- _Data items_
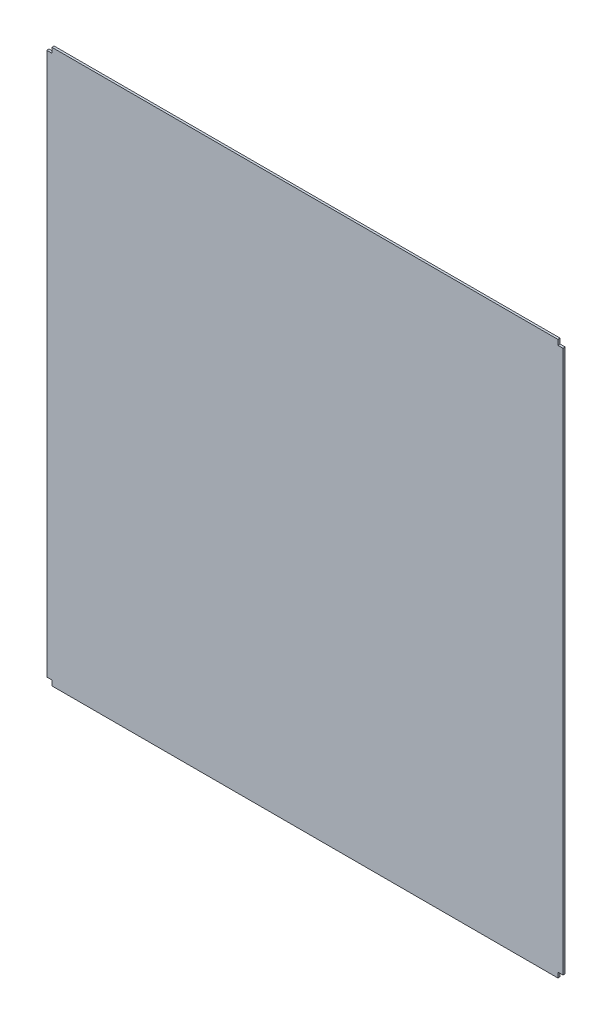
ISO-10303-21;
HEADER;
FILE_DESCRIPTION(('STEP AP214'),'2;1');
FILE_NAME('part.step','',(''),(''),'','','');
FILE_SCHEMA(('AUTOMOTIVE_DESIGN { 1 0 10303 214 1 1 1 1 }'));
ENDSEC;
DATA;
#1=APPLICATION_CONTEXT('core data for automotive mechanical design processes');
#2=APPLICATION_PROTOCOL_DEFINITION('international standard','automotive_design',2000,#1);
#3=PRODUCT_CONTEXT('',#1,'mechanical');
#4=PRODUCT('Part','Part','',(#3));
#5=PRODUCT_RELATED_PRODUCT_CATEGORY('part','',(#4));
#6=PRODUCT_DEFINITION_FORMATION('','',#4);
#7=PRODUCT_DEFINITION_CONTEXT('part definition',#1,'design');
#8=PRODUCT_DEFINITION('design','',#6,#7);
#9=PRODUCT_DEFINITION_SHAPE('','',#8);
#10=(LENGTH_UNIT() NAMED_UNIT(*) SI_UNIT(.MILLI.,.METRE.));
#11=(NAMED_UNIT(*) PLANE_ANGLE_UNIT() SI_UNIT($,.RADIAN.));
#12=(NAMED_UNIT(*) SI_UNIT($,.STERADIAN.) SOLID_ANGLE_UNIT());
#13=UNCERTAINTY_MEASURE_WITH_UNIT(LENGTH_MEASURE(1.E-05),#10,'distance_accuracy_value','');
#14=(GEOMETRIC_REPRESENTATION_CONTEXT(3) GLOBAL_UNCERTAINTY_ASSIGNED_CONTEXT((#13)) GLOBAL_UNIT_ASSIGNED_CONTEXT((#10,
#11,#12)) REPRESENTATION_CONTEXT('',''));
#15=CARTESIAN_POINT('',(0.,0.,0.));
#16=DIRECTION('',(0.,0.,1.));
#17=DIRECTION('',(1.,0.,0.));
#18=AXIS2_PLACEMENT_3D('',#15,#16,#17);
#19=CARTESIAN_POINT('',(350.,-675.,6.09036630651514E-13));
#20=DIRECTION('',(0.,0.,1.));
#21=DIRECTION('',(1.,0.,0.));
#22=AXIS2_PLACEMENT_3D('',#19,#20,#21);
#23=PLANE('',#22);
#24=DIRECTION('',(1.,0.,0.));
#25=VECTOR('',#24,1.);
#26=CARTESIAN_POINT('',(7.00000000000003,-1050.,1.12502540359956E-12));
#27=LINE('',#26,#25);
#28=CARTESIAN_POINT('',(7.00000000000001,-1050.,2.90070315688335E-13));
#29=VERTEX_POINT('',#28);
#30=CARTESIAN_POINT('',(693.,-1050.,1.44399171856274E-12));
#31=VERTEX_POINT('',#30);
#32=EDGE_CURVE('E174',#29,#31,#27,.T.);
#33=ORIENTED_EDGE('',*,*,#32,.F.);
#34=DIRECTION('',(0.,1.,0.));
#35=VECTOR('',#34,1.);
#36=CARTESIAN_POINT('',(7.,-1043.,1.12502540359956E-12));
#37=LINE('',#36,#35);
#38=CARTESIAN_POINT('',(7.,-1043.,-1.33294582363575E-13));
#39=VERTEX_POINT('',#38);
#40=EDGE_CURVE('E169',#39,#29,#37,.F.);
#41=ORIENTED_EDGE('',*,*,#40,.F.);
#42=DIRECTION('',(1.,0.,0.));
#43=VECTOR('',#42,1.);
#44=CARTESIAN_POINT('',(0.,-1043.,-5.6843418860808E-13));
#45=LINE('',#44,#43);
#46=CARTESIAN_POINT('',(0.,-1043.,-1.45069290556171E-13));
#47=VERTEX_POINT('',#46);
#48=EDGE_CURVE('E163',#47,#39,#45,.T.);
#49=ORIENTED_EDGE('',*,*,#48,.F.);
#50=DIRECTION('',(0.,1.,0.));
#51=VECTOR('',#50,1.);
#52=CARTESIAN_POINT('',(0.,-307.,1.12502540359956E-12));
#53=LINE('',#52,#51);
#54=CARTESIAN_POINT('',(0.,-307.,2.78295607495739E-13));
#55=VERTEX_POINT('',#54);
#56=EDGE_CURVE('E157',#55,#47,#53,.F.);
#57=ORIENTED_EDGE('',*,*,#56,.F.);
#58=DIRECTION('',(1.,0.,0.));
#59=VECTOR('',#58,1.);
#60=CARTESIAN_POINT('',(7.,-307.,1.12502540359956E-12));
#61=LINE('',#60,#59);
#62=CARTESIAN_POINT('',(7.00000000000001,-307.,2.90070315688335E-13));
#63=VERTEX_POINT('',#62);
#64=EDGE_CURVE('E151',#63,#55,#61,.F.);
#65=ORIENTED_EDGE('',*,*,#64,.F.);
#66=DIRECTION('',(0.,1.,0.));
#67=VECTOR('',#66,1.);
#68=CARTESIAN_POINT('',(7.,-300.,1.12502540359956E-12));
#69=LINE('',#68,#67);
#70=CARTESIAN_POINT('',(7.,-300.,-1.33294582363575E-13));
#71=VERTEX_POINT('',#70);
#72=EDGE_CURVE('E145',#71,#63,#69,.F.);
#73=ORIENTED_EDGE('',*,*,#72,.F.);
#74=DIRECTION('',(1.,0.,0.));
#75=VECTOR('',#74,1.);
#76=CARTESIAN_POINT('',(693.,-300.,-5.6843418860808E-13));
#77=LINE('',#76,#75);
#78=CARTESIAN_POINT('',(693.,-300.,1.02062682051083E-12));
#79=VERTEX_POINT('',#78);
#80=EDGE_CURVE('E139',#79,#71,#77,.F.);
#81=ORIENTED_EDGE('',*,*,#80,.F.);
#82=DIRECTION('',(0.,1.,0.));
#83=VECTOR('',#82,1.);
#84=CARTESIAN_POINT('',(693.,-307.,1.12502540359956E-12));
#85=LINE('',#84,#83);
#86=CARTESIAN_POINT('',(693.,-307.,1.44399171856274E-12));
#87=VERTEX_POINT('',#86);
#88=EDGE_CURVE('E133',#87,#79,#85,.T.);
#89=ORIENTED_EDGE('',*,*,#88,.F.);
#90=DIRECTION('',(1.,0.,0.));
#91=VECTOR('',#90,1.);
#92=CARTESIAN_POINT('',(700.,-307.,1.12502540359956E-12));
#93=LINE('',#92,#91);
#94=CARTESIAN_POINT('',(700.,-307.,1.45576642675533E-12));
#95=VERTEX_POINT('',#94);
#96=EDGE_CURVE('E127',#95,#87,#93,.F.);
#97=ORIENTED_EDGE('',*,*,#96,.F.);
#98=DIRECTION('',(0.,1.,0.));
#99=VECTOR('',#98,1.);
#100=CARTESIAN_POINT('',(700.,-1043.,1.12502540359956E-12));
#101=LINE('',#100,#99);
#102=CARTESIAN_POINT('',(700.,-1043.,1.03240152870342E-12));
#103=VERTEX_POINT('',#102);
#104=EDGE_CURVE('E103',#103,#95,#101,.T.);
#105=ORIENTED_EDGE('',*,*,#104,.F.);
#106=DIRECTION('',(1.,0.,0.));
#107=VECTOR('',#106,1.);
#108=CARTESIAN_POINT('',(693.,-1043.,-5.6843418860808E-13));
#109=LINE('',#108,#107);
#110=CARTESIAN_POINT('',(693.,-1043.,1.02062682051083E-12));
#111=VERTEX_POINT('',#110);
#112=EDGE_CURVE('E105',#111,#103,#109,.T.);
#113=ORIENTED_EDGE('',*,*,#112,.F.);
#114=DIRECTION('',(0.,1.,0.));
#115=VECTOR('',#114,1.);
#116=CARTESIAN_POINT('',(693.,-1050.,1.12502540359956E-12));
#117=LINE('',#116,#115);
#118=EDGE_CURVE('E19',#31,#111,#117,.T.);
#119=ORIENTED_EDGE('',*,*,#118,.F.);
#120=EDGE_LOOP('',(#33,#41,#49,#57,#65,#73,#81,#89,#97,#105,#113,#119));
#121=FACE_BOUND('',#120,.T.);
#122=ADVANCED_FACE('F16',(#121),#23,.F.);
#123=CARTESIAN_POINT('',(693.,-1050.,1.12502540359956E-12));
#124=DIRECTION('',(1.,0.,0.));
#125=DIRECTION('',(0.,0.,-1.));
#126=AXIS2_PLACEMENT_3D('',#123,#124,#125);
#127=PLANE('',#126);
#128=DIRECTION('',(0.,1.,0.));
#129=VECTOR('',#128,1.);
#130=CARTESIAN_POINT('',(693.,-675.,3.00000000000113));
#131=LINE('',#130,#129);
#132=CARTESIAN_POINT('',(693.,-1050.,3.00000000000028));
#133=VERTEX_POINT('',#132);
#134=CARTESIAN_POINT('',(693.,-1043.,3.00000000000028));
#135=VERTEX_POINT('',#134);
#136=EDGE_CURVE('E178',#133,#135,#131,.T.);
#137=ORIENTED_EDGE('',*,*,#136,.F.);
#138=DIRECTION('',(0.,0.,-1.));
#139=VECTOR('',#138,1.);
#140=CARTESIAN_POINT('',(693.,-1050.,1.78650744991111E-12));
#141=LINE('',#140,#139);
#142=EDGE_CURVE('E116',#31,#133,#141,.F.);
#143=ORIENTED_EDGE('',*,*,#142,.F.);
#144=ORIENTED_EDGE('',*,*,#118,.T.);
#145=DIRECTION('',(0.,0.,-1.));
#146=VECTOR('',#145,1.);
#147=CARTESIAN_POINT('',(693.,-1043.,-5.6843418860808E-13));
#148=LINE('',#147,#146);
#149=EDGE_CURVE('E111',#135,#111,#148,.T.);
#150=ORIENTED_EDGE('',*,*,#149,.F.);
#151=EDGE_LOOP('',(#137,#143,#144,#150));
#152=FACE_BOUND('',#151,.T.);
#153=ADVANCED_FACE('F113',(#152),#127,.T.);
#154=CARTESIAN_POINT('',(693.,-1043.,-5.6843418860808E-13));
#155=DIRECTION('',(0.,-1.,0.));
#156=DIRECTION('',(0.,0.,-1.));
#157=AXIS2_PLACEMENT_3D('',#154,#155,#156);
#158=PLANE('',#157);
#159=DIRECTION('',(1.,0.,0.));
#160=VECTOR('',#159,1.);
#161=CARTESIAN_POINT('',(350.,-1043.,3.00000000000113));
#162=LINE('',#161,#160);
#163=CARTESIAN_POINT('',(700.,-1043.,3.00000000000113));
#164=VERTEX_POINT('',#163);
#165=EDGE_CURVE('E120',#135,#164,#162,.T.);
#166=ORIENTED_EDGE('',*,*,#165,.F.);
#167=ORIENTED_EDGE('',*,*,#149,.T.);
#168=ORIENTED_EDGE('',*,*,#112,.T.);
#169=DIRECTION('',(0.,0.,-1.));
#170=VECTOR('',#169,1.);
#171=CARTESIAN_POINT('',(700.,-1043.,1.78650744991111E-12));
#172=LINE('',#171,#170);
#173=EDGE_CURVE('E123',#164,#103,#172,.T.);
#174=ORIENTED_EDGE('',*,*,#173,.F.);
#175=EDGE_LOOP('',(#166,#167,#168,#174));
#176=FACE_BOUND('',#175,.T.);
#177=ADVANCED_FACE('F118',(#176),#158,.T.);
#178=CARTESIAN_POINT('',(700.,-1043.,1.78650744991111E-12));
#179=DIRECTION('',(1.,0.,0.));
#180=DIRECTION('',(0.,0.,-1.));
#181=AXIS2_PLACEMENT_3D('',#178,#179,#180);
#182=PLANE('',#181);
#183=DIRECTION('',(0.,1.,0.));
#184=VECTOR('',#183,1.);
#185=CARTESIAN_POINT('',(700.,-675.,3.00000000000113));
#186=LINE('',#185,#184);
#187=CARTESIAN_POINT('',(700.,-307.,3.00000000000113));
#188=VERTEX_POINT('',#187);
#189=EDGE_CURVE('E181',#164,#188,#186,.T.);
#190=ORIENTED_EDGE('',*,*,#189,.F.);
#191=ORIENTED_EDGE('',*,*,#173,.T.);
#192=ORIENTED_EDGE('',*,*,#104,.T.);
#193=DIRECTION('',(0.,0.,1.));
#194=VECTOR('',#193,1.);
#195=CARTESIAN_POINT('',(700.,-307.,1.12502540359956E-12));
#196=LINE('',#195,#194);
#197=EDGE_CURVE('E130',#188,#95,#196,.F.);
#198=ORIENTED_EDGE('',*,*,#197,.F.);
#199=EDGE_LOOP('',(#190,#191,#192,#198));
#200=FACE_BOUND('',#199,.T.);
#201=ADVANCED_FACE('F232',(#200),#182,.T.);
#202=CARTESIAN_POINT('',(700.,-307.,1.12502540359956E-12));
#203=DIRECTION('',(0.,1.,0.));
#204=DIRECTION('',(0.,0.,1.));
#205=AXIS2_PLACEMENT_3D('',#202,#203,#204);
#206=PLANE('',#205);
#207=DIRECTION('',(1.,0.,0.));
#208=VECTOR('',#207,1.);
#209=CARTESIAN_POINT('',(350.,-307.,3.00000000000113));
#210=LINE('',#209,#208);
#211=CARTESIAN_POINT('',(693.,-307.,3.00000000000071));
#212=VERTEX_POINT('',#211);
#213=EDGE_CURVE('E184',#188,#212,#210,.F.);
#214=ORIENTED_EDGE('',*,*,#213,.F.);
#215=ORIENTED_EDGE('',*,*,#197,.T.);
#216=ORIENTED_EDGE('',*,*,#96,.T.);
#217=DIRECTION('',(0.,0.,-1.));
#218=VECTOR('',#217,1.);
#219=CARTESIAN_POINT('',(693.,-307.,1.12502540359956E-12));
#220=LINE('',#219,#218);
#221=EDGE_CURVE('E136',#212,#87,#220,.T.);
#222=ORIENTED_EDGE('',*,*,#221,.F.);
#223=EDGE_LOOP('',(#214,#215,#216,#222));
#224=FACE_BOUND('',#223,.T.);
#225=ADVANCED_FACE('F229',(#224),#206,.T.);
#226=CARTESIAN_POINT('',(693.,-307.,1.12502540359956E-12));
#227=DIRECTION('',(1.,0.,0.));
#228=DIRECTION('',(0.,0.,-1.));
#229=AXIS2_PLACEMENT_3D('',#226,#227,#228);
#230=PLANE('',#229);
#231=DIRECTION('',(0.,1.,0.));
#232=VECTOR('',#231,1.);
#233=CARTESIAN_POINT('',(693.,-675.,3.00000000000113));
#234=LINE('',#233,#232);
#235=CARTESIAN_POINT('',(693.,-300.,3.00000000000028));
#236=VERTEX_POINT('',#235);
#237=EDGE_CURVE('E187',#212,#236,#234,.T.);
#238=ORIENTED_EDGE('',*,*,#237,.F.);
#239=ORIENTED_EDGE('',*,*,#221,.T.);
#240=ORIENTED_EDGE('',*,*,#88,.T.);
#241=DIRECTION('',(0.,0.,1.));
#242=VECTOR('',#241,1.);
#243=CARTESIAN_POINT('',(693.,-300.,1.76295803352592E-12));
#244=LINE('',#243,#242);
#245=EDGE_CURVE('E142',#236,#79,#244,.F.);
#246=ORIENTED_EDGE('',*,*,#245,.F.);
#247=EDGE_LOOP('',(#238,#239,#240,#246));
#248=FACE_BOUND('',#247,.T.);
#249=ADVANCED_FACE('F226',(#248),#230,.T.);
#250=CARTESIAN_POINT('',(693.,-300.,1.76295803352592E-12));
#251=DIRECTION('',(0.,1.,0.));
#252=DIRECTION('',(0.,0.,1.));
#253=AXIS2_PLACEMENT_3D('',#250,#251,#252);
#254=PLANE('',#253);
#255=DIRECTION('',(1.,0.,0.));
#256=VECTOR('',#255,1.);
#257=CARTESIAN_POINT('',(350.,-300.,3.00000000000113));
#258=LINE('',#257,#256);
#259=CARTESIAN_POINT('',(7.,-300.,3.00000000000113));
#260=VERTEX_POINT('',#259);
#261=EDGE_CURVE('E190',#236,#260,#258,.F.);
#262=ORIENTED_EDGE('',*,*,#261,.F.);
#263=ORIENTED_EDGE('',*,*,#245,.T.);
#264=ORIENTED_EDGE('',*,*,#80,.T.);
#265=DIRECTION('',(0.,0.,1.));
#266=VECTOR('',#265,1.);
#267=CARTESIAN_POINT('',(7.,-300.,1.12502540359956E-12));
#268=LINE('',#267,#266);
#269=EDGE_CURVE('E148',#260,#71,#268,.F.);
#270=ORIENTED_EDGE('',*,*,#269,.F.);
#271=EDGE_LOOP('',(#262,#263,#264,#270));
#272=FACE_BOUND('',#271,.T.);
#273=ADVANCED_FACE('F223',(#272),#254,.T.);
#274=CARTESIAN_POINT('',(7.,-300.,1.12502540359956E-12));
#275=DIRECTION('',(-1.,0.,0.));
#276=DIRECTION('',(0.,0.,1.));
#277=AXIS2_PLACEMENT_3D('',#274,#275,#276);
#278=PLANE('',#277);
#279=DIRECTION('',(0.,1.,0.));
#280=VECTOR('',#279,1.);
#281=CARTESIAN_POINT('',(7.00000000000001,-675.,3.00000000000113));
#282=LINE('',#281,#280);
#283=CARTESIAN_POINT('',(7.00000000000001,-307.,3.00000000000113));
#284=VERTEX_POINT('',#283);
#285=EDGE_CURVE('E193',#260,#284,#282,.F.);
#286=ORIENTED_EDGE('',*,*,#285,.F.);
#287=ORIENTED_EDGE('',*,*,#269,.T.);
#288=ORIENTED_EDGE('',*,*,#72,.T.);
#289=DIRECTION('',(0.,0.,1.));
#290=VECTOR('',#289,1.);
#291=CARTESIAN_POINT('',(7.00000000000003,-307.,1.12502540359956E-12));
#292=LINE('',#291,#290);
#293=EDGE_CURVE('E154',#284,#63,#292,.F.);
#294=ORIENTED_EDGE('',*,*,#293,.F.);
#295=EDGE_LOOP('',(#286,#287,#288,#294));
#296=FACE_BOUND('',#295,.T.);
#297=ADVANCED_FACE('F220',(#296),#278,.T.);
#298=CARTESIAN_POINT('',(7.,-307.,1.12502540359956E-12));
#299=DIRECTION('',(0.,1.,0.));
#300=DIRECTION('',(0.,0.,1.));
#301=AXIS2_PLACEMENT_3D('',#298,#299,#300);
#302=PLANE('',#301);
#303=DIRECTION('',(1.,0.,0.));
#304=VECTOR('',#303,1.);
#305=CARTESIAN_POINT('',(350.,-307.,3.00000000000113));
#306=LINE('',#305,#304);
#307=CARTESIAN_POINT('',(0.,-307.,3.00000000000071));
#308=VERTEX_POINT('',#307);
#309=EDGE_CURVE('E196',#284,#308,#306,.F.);
#310=ORIENTED_EDGE('',*,*,#309,.F.);
#311=ORIENTED_EDGE('',*,*,#293,.T.);
#312=ORIENTED_EDGE('',*,*,#64,.T.);
#313=DIRECTION('',(0.,0.,1.));
#314=VECTOR('',#313,1.);
#315=CARTESIAN_POINT('',(0.,-307.,-5.46454733315234E-13));
#316=LINE('',#315,#314);
#317=EDGE_CURVE('E160',#308,#55,#316,.F.);
#318=ORIENTED_EDGE('',*,*,#317,.F.);
#319=EDGE_LOOP('',(#310,#311,#312,#318));
#320=FACE_BOUND('',#319,.T.);
#321=ADVANCED_FACE('F217',(#320),#302,.T.);
#322=CARTESIAN_POINT('',(0.,-307.,-5.46454733315234E-13));
#323=DIRECTION('',(-1.,0.,0.));
#324=DIRECTION('',(0.,0.,1.));
#325=AXIS2_PLACEMENT_3D('',#322,#323,#324);
#326=PLANE('',#325);
#327=DIRECTION('',(0.,1.,0.));
#328=VECTOR('',#327,1.);
#329=CARTESIAN_POINT('',(0.,-675.,3.00000000000113));
#330=LINE('',#329,#328);
#331=CARTESIAN_POINT('',(0.,-1043.,3.00000000000028));
#332=VERTEX_POINT('',#331);
#333=EDGE_CURVE('E199',#308,#332,#330,.F.);
#334=ORIENTED_EDGE('',*,*,#333,.F.);
#335=ORIENTED_EDGE('',*,*,#317,.T.);
#336=ORIENTED_EDGE('',*,*,#56,.T.);
#337=DIRECTION('',(0.,0.,-1.));
#338=VECTOR('',#337,1.);
#339=CARTESIAN_POINT('',(0.,-1043.,-5.6843418860808E-13));
#340=LINE('',#339,#338);
#341=EDGE_CURVE('E166',#332,#47,#340,.T.);
#342=ORIENTED_EDGE('',*,*,#341,.F.);
#343=EDGE_LOOP('',(#334,#335,#336,#342));
#344=FACE_BOUND('',#343,.T.);
#345=ADVANCED_FACE('F214',(#344),#326,.T.);
#346=CARTESIAN_POINT('',(0.,-1043.,-5.6843418860808E-13));
#347=DIRECTION('',(0.,-1.,0.));
#348=DIRECTION('',(0.,0.,-1.));
#349=AXIS2_PLACEMENT_3D('',#346,#347,#348);
#350=PLANE('',#349);
#351=DIRECTION('',(1.,0.,0.));
#352=VECTOR('',#351,1.);
#353=CARTESIAN_POINT('',(350.,-1043.,3.00000000000113));
#354=LINE('',#353,#352);
#355=CARTESIAN_POINT('',(7.,-1043.,3.00000000000113));
#356=VERTEX_POINT('',#355);
#357=EDGE_CURVE('E202',#332,#356,#354,.T.);
#358=ORIENTED_EDGE('',*,*,#357,.F.);
#359=ORIENTED_EDGE('',*,*,#341,.T.);
#360=ORIENTED_EDGE('',*,*,#48,.T.);
#361=DIRECTION('',(0.,0.,1.));
#362=VECTOR('',#361,1.);
#363=CARTESIAN_POINT('',(7.,-1043.,1.12502540359956E-12));
#364=LINE('',#363,#362);
#365=EDGE_CURVE('E171',#356,#39,#364,.F.);
#366=ORIENTED_EDGE('',*,*,#365,.F.);
#367=EDGE_LOOP('',(#358,#359,#360,#366));
#368=FACE_BOUND('',#367,.T.);
#369=ADVANCED_FACE('F211',(#368),#350,.T.);
#370=CARTESIAN_POINT('',(7.,-1043.,1.12502540359956E-12));
#371=DIRECTION('',(-1.,0.,0.));
#372=DIRECTION('',(0.,0.,1.));
#373=AXIS2_PLACEMENT_3D('',#370,#371,#372);
#374=PLANE('',#373);
#375=DIRECTION('',(0.,1.,0.));
#376=VECTOR('',#375,1.);
#377=CARTESIAN_POINT('',(7.00000000000001,-675.,3.00000000000113));
#378=LINE('',#377,#376);
#379=CARTESIAN_POINT('',(7.00000000000001,-1050.,3.00000000000113));
#380=VERTEX_POINT('',#379);
#381=EDGE_CURVE('E25',#356,#380,#378,.F.);
#382=ORIENTED_EDGE('',*,*,#381,.F.);
#383=ORIENTED_EDGE('',*,*,#365,.T.);
#384=ORIENTED_EDGE('',*,*,#40,.T.);
#385=DIRECTION('',(0.,0.,-1.));
#386=VECTOR('',#385,1.);
#387=CARTESIAN_POINT('',(7.00000000000003,-1050.,1.78650744991111E-12));
#388=LINE('',#387,#386);
#389=EDGE_CURVE('E34',#380,#29,#388,.T.);
#390=ORIENTED_EDGE('',*,*,#389,.F.);
#391=EDGE_LOOP('',(#382,#383,#384,#390));
#392=FACE_BOUND('',#391,.T.);
#393=ADVANCED_FACE('F209',(#392),#374,.T.);
#394=CARTESIAN_POINT('',(7.00000000000003,-1050.,1.78650744991111E-12));
#395=DIRECTION('',(0.,-1.,0.));
#396=DIRECTION('',(0.,0.,-1.));
#397=AXIS2_PLACEMENT_3D('',#394,#395,#396);
#398=PLANE('',#397);
#399=DIRECTION('',(1.,0.,0.));
#400=VECTOR('',#399,1.);
#401=CARTESIAN_POINT('',(350.,-1050.,3.00000000000113));
#402=LINE('',#401,#400);
#403=EDGE_CURVE('E11',#380,#133,#402,.T.);
#404=ORIENTED_EDGE('',*,*,#403,.F.);
#405=ORIENTED_EDGE('',*,*,#389,.T.);
#406=ORIENTED_EDGE('',*,*,#32,.T.);
#407=ORIENTED_EDGE('',*,*,#142,.T.);
#408=EDGE_LOOP('',(#404,#405,#406,#407));
#409=FACE_BOUND('',#408,.T.);
#410=ADVANCED_FACE('F234',(#409),#398,.T.);
#411=CARTESIAN_POINT('',(350.,-675.,3.00000000000113));
#412=DIRECTION('',(0.,0.,1.));
#413=DIRECTION('',(1.,0.,0.));
#414=AXIS2_PLACEMENT_3D('',#411,#412,#413);
#415=PLANE('',#414);
#416=ORIENTED_EDGE('',*,*,#381,.T.);
#417=ORIENTED_EDGE('',*,*,#403,.T.);
#418=ORIENTED_EDGE('',*,*,#136,.T.);
#419=ORIENTED_EDGE('',*,*,#165,.T.);
#420=ORIENTED_EDGE('',*,*,#189,.T.);
#421=ORIENTED_EDGE('',*,*,#213,.T.);
#422=ORIENTED_EDGE('',*,*,#237,.T.);
#423=ORIENTED_EDGE('',*,*,#261,.T.);
#424=ORIENTED_EDGE('',*,*,#285,.T.);
#425=ORIENTED_EDGE('',*,*,#309,.T.);
#426=ORIENTED_EDGE('',*,*,#333,.T.);
#427=ORIENTED_EDGE('',*,*,#357,.T.);
#428=EDGE_LOOP('',(#416,#417,#418,#419,#420,#421,#422,#423,#424,#425,#426,#427));
#429=FACE_BOUND('',#428,.T.);
#430=ADVANCED_FACE('F207',(#429),#415,.T.);
#431=CLOSED_SHELL('',(#122,#153,#177,#201,#225,#249,#273,#297,#321,#345,#369,#393,#410,#430));
#432=MANIFOLD_SOLID_BREP('B1',#431);
#433=ADVANCED_BREP_SHAPE_REPRESENTATION('',(#18,#432),#14);
#434=SHAPE_DEFINITION_REPRESENTATION(#9,#433);
ENDSEC;
END-ISO-10303-21;

- _Work to complete_
Your answer should consist only of the lines above between the line holding "#188=VERTEX_POINT('',#187);" and the line holding "#238=ORIENTED_EDGE('',*,*,#237,.F.);", inclusive, each transcribed exactly.

- _Result of the exercise_
#188=VERTEX_POINT('',#187);
#189=EDGE_CURVE('E181',#164,#188,#186,.T.);
#190=ORIENTED_EDGE('',*,*,#189,.F.);
#191=ORIENTED_EDGE('',*,*,#173,.T.);
#192=ORIENTED_EDGE('',*,*,#104,.T.);
#193=DIRECTION('',(0.,0.,1.));
#194=VECTOR('',#193,1.);
#195=CARTESIAN_POINT('',(700.,-307.,1.12502540359956E-12));
#196=LINE('',#195,#194);
#197=EDGE_CURVE('E130',#188,#95,#196,.F.);
#198=ORIENTED_EDGE('',*,*,#197,.F.);
#199=EDGE_LOOP('',(#190,#191,#192,#198));
#200=FACE_BOUND('',#199,.T.);
#201=ADVANCED_FACE('F232',(#200),#182,.T.);
#202=CARTESIAN_POINT('',(700.,-307.,1.12502540359956E-12));
#203=DIRECTION('',(0.,1.,0.));
#204=DIRECTION('',(0.,0.,1.));
#205=AXIS2_PLACEMENT_3D('',#202,#203,#204);
#206=PLANE('',#205);
#207=DIRECTION('',(1.,0.,0.));
#208=VECTOR('',#207,1.);
#209=CARTESIAN_POINT('',(350.,-307.,3.00000000000113));
#210=LINE('',#209,#208);
#211=CARTESIAN_POINT('',(693.,-307.,3.00000000000071));
#212=VERTEX_POINT('',#211);
#213=EDGE_CURVE('E184',#188,#212,#210,.F.);
#214=ORIENTED_EDGE('',*,*,#213,.F.);
#215=ORIENTED_EDGE('',*,*,#197,.T.);
#216=ORIENTED_EDGE('',*,*,#96,.T.);
#217=DIRECTION('',(0.,0.,-1.));
#218=VECTOR('',#217,1.);
#219=CARTESIAN_POINT('',(693.,-307.,1.12502540359956E-12));
#220=LINE('',#219,#218);
#221=EDGE_CURVE('E136',#212,#87,#220,.T.);
#222=ORIENTED_EDGE('',*,*,#221,.F.);
#223=EDGE_LOOP('',(#214,#215,#216,#222));
#224=FACE_BOUND('',#223,.T.);
#225=ADVANCED_FACE('F229',(#224),#206,.T.);
#226=CARTESIAN_POINT('',(693.,-307.,1.12502540359956E-12));
#227=DIRECTION('',(1.,0.,0.));
#228=DIRECTION('',(0.,0.,-1.));
#229=AXIS2_PLACEMENT_3D('',#226,#227,#228);
#230=PLANE('',#229);
#231=DIRECTION('',(0.,1.,0.));
#232=VECTOR('',#231,1.);
#233=CARTESIAN_POINT('',(693.,-675.,3.00000000000113));
#234=LINE('',#233,#232);
#235=CARTESIAN_POINT('',(693.,-300.,3.00000000000028));
#236=VERTEX_POINT('',#235);
#237=EDGE_CURVE('E187',#212,#236,#234,.T.);
#238=ORIENTED_EDGE('',*,*,#237,.F.);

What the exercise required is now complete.